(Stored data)
>>>>

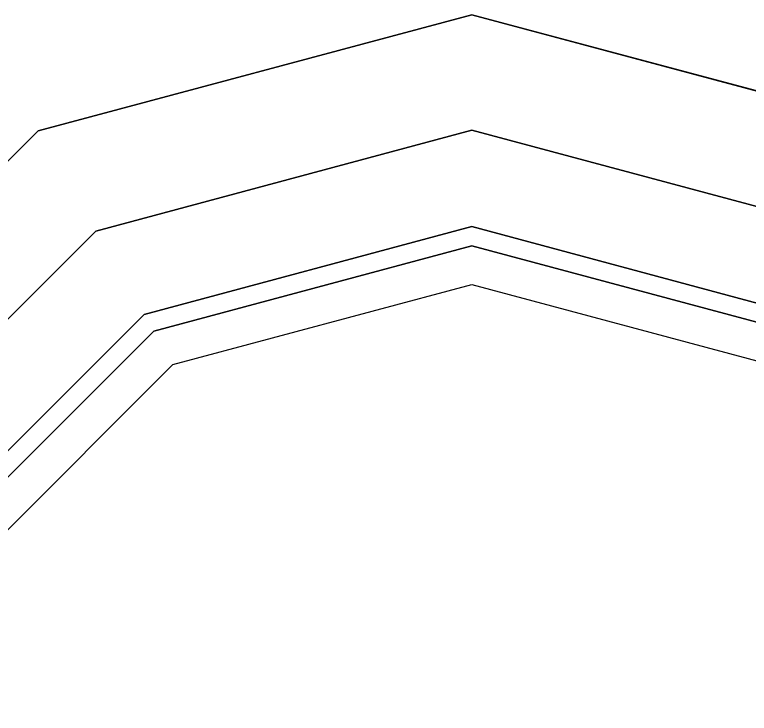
# Model space of a CAD drawing. Header units: inches. Extents: x 38074 to 101214, y 18833 to 57379.
# Drawn here: x 98819.7 to 98937, y 36197.7 to 36309.3 of the extents above; entities that cross this region are included whole.
import ezdxf

# ---------------------------------------------------------------- set-up
doc = ezdxf.new("R2010")
doc.units = ezdxf.units.IN

# ---------------------------------------------------------------- blocks, each defined once
blk = doc.blocks.new('A$C403C54AD')
at = {"linetype": 'ByBlock'}
for points, invisible_edges in [([(1.72651, 0.82864, -0.00874), (1.72651, 0.81017, -0.00874), (1.66648, 0.79408, -0.00874), (1.65725, 0.81008, -0.00874)], 5), ([(1.72651, 0.79478, -0.02259), (1.72651, 0.82864, -0.01335), (1.65725, 0.81008, -0.01335), (1.67418, 0.78075, -0.02259)], 5), ([(1.79578, 0.81008, -0.00874), (1.78654, 0.79408, -0.00874), (1.72651, 0.81017, -0.00874), (1.72651, 0.82864, -0.00874)], 5), ([(1.77884, 0.78075, -0.02259), (1.79578, 0.81008, -0.01335), (1.72651, 0.82864, -0.01335), (1.72651, 0.79478, -0.02259)], 5), ([(1.65725, 0.81008, -0.00874), (1.66648, 0.79408, -0.00874), (1.62254, 0.75014, -0.00874), (1.60654, 0.75938, -0.00874)], 5), ([(1.67418, 0.78075, -0.02259), (1.65725, 0.81008, -0.01335), (1.60654, 0.75938, -0.01335), (1.63587, 0.74244, -0.02259)], 5), ([(1.72651, 0.81017, -0.00874), (1.72651, 0.7917, -0.01489), (1.67572, 0.77809, -0.01489), (1.66648, 0.79408, -0.00874)], 5), ([(1.78654, 0.79408, -0.00874), (1.7773, 0.77809, -0.01489), (1.72651, 0.7917, -0.01489), (1.72651, 0.81017, -0.00874)], 5), ([(1.72651, 0.78554, -0.03183), (1.72651, 0.79478, -0.02259), (1.67418, 0.78075, -0.02259), (1.6788, 0.77276, -0.03183)], 5), ([(1.77423, 0.77276, -0.03183), (1.77884, 0.78075, -0.02259), (1.72651, 0.79478, -0.02259), (1.72651, 0.78554, -0.03183)], 5), ([(1.66648, 0.79408, -0.00874), (1.67572, 0.77809, -0.01489), (1.63853, 0.74091, -0.01489), (1.62254, 0.75014, -0.00874)], 5), ([(1.72651, 0.7917, -0.01489), (1.72651, 0.69011, -0.01489), (1.72651, 0.69011, -0.01489), (1.67572, 0.77809, -0.01489)], 5), ([(1.7773, 0.77809, -0.01489), (1.72651, 0.69011, -0.01489), (1.72651, 0.69011, -0.01489), (1.72651, 0.7917, -0.01489)], 5), ([(1.6788, 0.77276, -0.03183), (1.67418, 0.78075, -0.02259), (1.63587, 0.74244, -0.02259), (1.64387, 0.73783, -0.03183)], 1), ([(1.67572, 0.77809, -0.01489), (1.72651, 0.69011, -0.01489), (1.72651, 0.69011, -0.01489), (1.63853, 0.74091, -0.01489)], 5), ([(1.81449, 0.74091, -0.01489), (1.72651, 0.69011, -0.01489), (1.72651, 0.69011, -0.01489), (1.7773, 0.77809, -0.01489)], 5), ([(1.63853, 0.74091, -0.01489), (1.72651, 0.69011, -0.01489), (1.72651, 0.69011, -0.01489), (1.62492, 0.69011, -0.01489)], 5), ([(1.8281, 0.69011, -0.01489), (1.72651, 0.69011, -0.01489), (1.72651, 0.69011, -0.01489), (1.81449, 0.74091, -0.01489)], 5)]:
    blk.add_3dface(points, dxfattribs=dict(at, invisible_edges=invisible_edges))
for points in [[(1.72651, 0.82864, -0.01335), (1.72651, 0.82864, -0.00874), (1.65725, 0.81008, -0.00874), (1.65725, 0.81008, -0.01335)], [(1.79578, 0.81008, -0.01335), (1.79578, 0.81008, -0.00874), (1.72651, 0.82864, -0.00874), (1.72651, 0.82864, -0.01335)], [(1.65725, 0.81008, -0.01335), (1.65725, 0.81008, -0.00874), (1.60654, 0.75938, -0.00874), (1.60654, 0.75938, -0.01335)]]:
    blk.add_3dface(points, dxfattribs=at)

msp = doc.modelspace()

# ---------------------------------------------------------------- block references
at = {"xscale": 1000, "yscale": 1000, "zscale": 1000}
msp.add_blockref('A$C403C54AD', (97166.18, 35480.7, 0.6), dxfattribs=at)

doc.saveas('drawing.dxf')

<<<<

Your reply should consist solely of the number of lines above that contain the word "dxfattribs".

COMPLETED TASK: 3